Geocoding involves programmatically assigning x and y coordinates (usually but not limited to, earth coordinates—i.e., latitude and longitude) to records, lists and files containing location information (full addresses, partial addresses, zip codes, census FIPS codes, etc.) for cartographic or any other form of spatial analysis or reference. Geocoding is even more broadly described as “mapping your data” in order to visualize information and explore relationships previously unavailable in strict database or spreadsheet analysis.
A centroid is a geographic center of an entire area, region, boundary, etc. for which the specific geographic area covers. Street vectors are address segments of individual streets, which may contain attributes such as address ranges. Street vectors can be used in displays of digitized computer-based street maps. Range information on street vectors is typically specified on the left and right side of each vector. They are also used for geocoding a particular address to a particular street segment based on its point along the line segment.
Geocoding is currently performed by running non-geocoded (referred to hereafter as “raw data”) information such as a list of customers through proprietary software and/or data, which performs table lookup, fuzzy logic and address matching against an entire “library” of all known or available address points or street vectors (referred to hereafter as a “georeferenced library”) with associated x, y location coordinates. If the raw data matches a point record from the georeferenced library, then the raw data is assigned the same x, y coordinates associated with the matching record from the georeferenced library. If the raw data instead matches a street vector, then the raw data is assigned interpolated x,y coordinates pair based on the x,y coordinates of the high and low address for the matched street vector in the georeferenced library.

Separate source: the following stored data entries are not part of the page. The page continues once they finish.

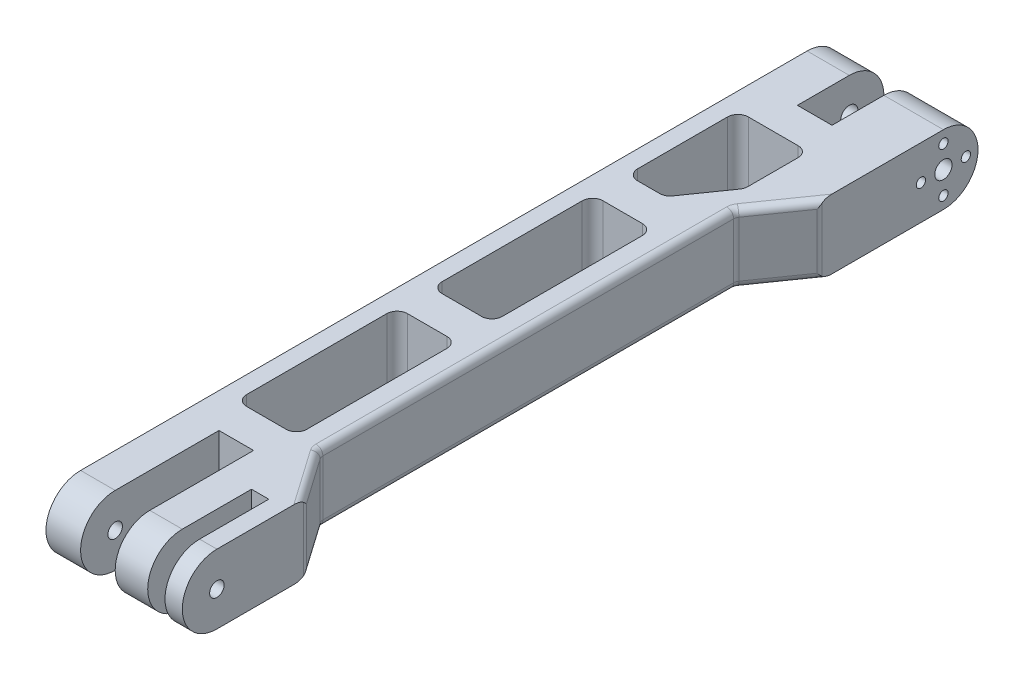
SolidWorks part; units mm, degrees
ref_plane "前视基准面" through (0, 0, 0) normal (0, 0, 1) x (1, 0, 0)
ref_plane "上视基准面" through (0, 0, 0) normal (0, 1, 0) x (1, 0, 0)
ref_plane "右视基准面" through (0, 0, 0) normal (1, 0, 0) x (0, 0, -1)
other "Configuration Table"
sketch "草图1" plane through (0, 0, 0) normal (0, 0, 1) x (1, 0, 0)
  line L1 (0, 0) -> (39.4, 0)
  line L2 (0, 0) -> (0, 20)
  line L3 (0, 20) -> (39.4, 20)
  line L4 (39.4, 0) -> (39.4, 20)
  dimension "D1" = 39.4
  dimension "D2" = 20
extrude "凸台-拉伸1" add sketch "草图1" along normal blind 230
fillet "圆角2" 2 edges at (19.7, 20, 0) (19.7, 0, 0) type full round first side face at (19.7, 20, 115) second side face at (19.7, 0, 115) middle face at (19.7, 10, 0)
sketch "草图2" plane through (0, 0, 0) normal (-1, 0, 0) x (0, 0, 1)
  circle A0 centre (10, 10) radius 2.5
  dimension "D1" = 5
extrude "切除-拉伸1" cut sketch "草图2" against normal through all
sketch "草图3" plane through (0, 0, 0) normal (0, -1, 0) x (-1, 0, 0)
  line L0 (0, 0) -> (-39.4, 0) construction
  line L1 (-12.2, 0) -> (-22.2, 0)
  line L2 (-12.2, 0) -> (-12.2, -25)
  line L3 (-12.2, -25) -> (-22.2, -25)
  line L4 (-22.2, 0) -> (-22.2, -25)
  line L5 (0, -230) -> (0, -10) construction
  line L7 (-39.4, -230) -> (-39.4, -10) construction
  dimension "D1" = 12.2
  dimension "D2" = 17.2
  dimension "D3" = 25
extrude "切除-拉伸2" cut sketch "草图3" against normal through all
sketch "草图4" plane through (39.4, 0, 0) normal (1, 0, 0) x (0, 0, -1)
  line L0 (-16.5, 10) -> (-3.5, 10) construction
  line L1 (-10, 16.5) -> (-10, 3.5) construction
  circle A0 centre (-10, 10) radius 6.5 construction
  circle A1 centre (-3.5, 10) radius 1.35
  circle A2 centre (-10, 16.5) radius 1.35
  circle A3 centre (-16.5, 10) radius 1.35
  circle A4 centre (-10, 3.5) radius 1.35
  dimension "D1" = 13
  dimension "D2" = 2.7
extrude "切除-拉伸3" cut sketch "草图4" against normal blind 20
sketch "草图5" plane through (0, 0, 0) normal (0, -1, 0) x (-1, 0, 0)
  line L0 (-39.4, -45.7185) -> (-29.4, -60)
  line L1 (-39.4, -230) -> (-39.4, -10) construction
  line L2 (-29.4, -60) -> (-29.4, -180)
  line L3 (-29.4, -180) -> (-39.4, -194.2815)
  line L4 (-29.4, -120) -> (-39.4, -120) construction
  line L5 (-22.2, 0) -> (-39.4, 0) construction
  line L6 (-39.4, -194.2815) -> (-39.4, -45.7185)
  dimension "D1" = 145
  dimension "D2" = 10
  dimension "D3" = 120
  dimension "D4" = 120
extrude "切除-拉伸4" cut sketch "草图5" against normal through all
fillet "圆角4" radius 2 10 edges at (34.4, 20, 187.1407) (34.4, 0, 187.1407) (34.4, 20, 52.8593) (34.4, 0, 52.8593) (29.4, 10, 180) (29.4, 20, 120) (29.4, 10, 60) (29.4, 0, 120) (39.4, 10, 194.2815) (39.4, 10, 45.7185)
fillet "圆角5" 2 edges at (19.7, 20, 230) (19.7, 0, 230) type full round first side face at (24.0781, 20, 90.7143) second side face at (24.0781, 0, 90.7143) middle face at (19.7, 10, 230)
sketch "草图6" plane through (0, 0, 0) normal (-1, 0, 0) x (0, 0, 1)
  circle A0 centre (220, 10) radius 2.1
  dimension "D1" = 4.2
extrude "切除-拉伸5" cut sketch "草图6" against normal through all
sketch "草图7" plane through (0, 0, 0) normal (0, -1, 0) x (-1, 0, 0)
  line L0 (-39.4, -230) -> (0, -230) construction
  line L1 (-10, -230) -> (-20, -230)
  line L2 (-10, -230) -> (-10, -190)
  line L3 (-10, -190) -> (-20, -190)
  line L4 (-20, -230) -> (-20, -190)
  line L5 (0, -220) -> (0, -10) construction
  dimension "D1" = 10
  dimension "D2" = 10
  dimension "D3" = 40
extrude "切除-拉伸6" cut sketch "草图7" against normal through all
sketch "草图8" plane through (0, 0, 0) normal (0, -1, 0) x (-1, 0, 0)
  line L0 (-5, -64) -> (-5, -38)
  line L1 (-8, -35) -> (-22.4, -35)
  line L2 (-25.4, -38) -> (-25.4, -52.5626)
  line L3 (-24.8575, -54.2833) -> (-16.8489, -65.7207)
  line L4 (-14.3914, -67) -> (-8, -67)
  line L5 (-22.2, -25) -> (-12.2, -25) construction
  line L6 (0, -220) -> (0, -10) construction
  line L7 (-39.4, -42.2316) -> (-39.4, -10) construction
  line L8 (-39.4, -42.2316) -> (-28.1234, -58.3363) construction
  line L18 (-27.4, -60.6306) -> (-27.4, -179.3694) construction
  line L19 (-8, -77) -> (-19.4, -77)
  line L20 (-5, -80) -> (-5, -120.5)
  line L21 (-8, -123.5) -> (-19.4, -123.5)
  line L22 (-22.4, -80) -> (-22.4, -120.5)
  line L23 (-8, -133.5) -> (-19.4, -133.5)
  line L24 (-5, -136.5) -> (-5, -177)
  line L25 (-8, -180) -> (-19.4, -180)
  line L26 (-22.4, -136.5) -> (-22.4, -177)
  line L27 (-10, -190) -> (-20, -190) construction
  arc A0 (-5, -177) -> (-8, -180) centre (-8, -177) cw
  arc A1 (-19.4, -180) -> (-22.4, -177) centre (-19.4, -177) cw
  arc A2 (-19.4, -133.5) -> (-22.4, -136.5) centre (-19.4, -136.5) ccw
  arc A3 (-8, -133.5) -> (-5, -136.5) centre (-8, -136.5) cw
  arc A4 (-5, -120.5) -> (-8, -123.5) centre (-8, -120.5) cw
  arc A5 (-19.4, -123.5) -> (-22.4, -120.5) centre (-19.4, -120.5) cw
  arc A6 (-19.4, -77) -> (-22.4, -80) centre (-19.4, -80) ccw
  arc A7 (-8, -77) -> (-5, -80) centre (-8, -80) cw
  arc A8 (-5, -38) -> (-8, -35) centre (-8, -38) ccw
  arc A9 (-22.4, -35) -> (-25.4, -38) centre (-22.4, -38) ccw
  arc A10 (-25.4, -52.5626) -> (-24.8575, -54.2833) centre (-22.4, -52.5626) ccw
  arc A11 (-16.8489, -65.7207) -> (-14.3914, -67) centre (-14.3914, -64) ccw
  arc A12 (-5, -64) -> (-8, -67) centre (-8, -64) cw
  point P23 (-11.1957, -67)
  dimension "D13" = 3
  dimension "D1" = 10
  dimension "D2" = 5
  dimension "D3" = 14
  dimension "D4" = 32
  dimension "D5" = 5
  dimension "D6" = 5
  dimension "D7" = 5
  dimension "D8" = 5
  dimension "D9" = 5
  dimension "D10" = 10
  dimension "D11" = 10
  dimension "D12" = 10
extrude "切除-拉伸7" cut sketch "草图8" against normal through all
sketch "草图9" plane through (0, 0, 0) normal (0, -1, 0) x (-1, 0, 0)
  line L0 (-39.4, -230) -> (-20, -230) construction
  line L1 (-29.4, -230) -> (-34.4, -230)
  line L2 (-29.4, -230) -> (-29.4, -200)
  line L3 (-29.4, -200) -> (-34.4, -200)
  line L4 (-34.4, -230) -> (-34.4, -200)
  line L8 (-39.4, -220) -> (-39.4, -197.7684) construction
  dimension "D1" = 5
  dimension "D2" = 5
  dimension "D3" = 30
extrude "切除-拉伸8" cut sketch "草图9" against normal through all

The georeferenced library is compiled from a number of varied sources, depending on the territory, including census information, postal address information, street vectors with associated address ranges, postcode centroids and other various sources of data containing geographic information and/or location geometry. If a raw data address cannot be matched exactly to a specific library street address (known as a “street level hit”), then an attempt is made to match the raw data address to an ever decreasing precision geographic hierarchy of point, line or region geography until a predetermined tolerance for an acceptable match is met. The geographic hierarchy to which a raw data record is finally assigned is also known as the “geocoding precision.” Geocoding precision tells how closely the location assigned by the geocoding software matches the true location of the raw data.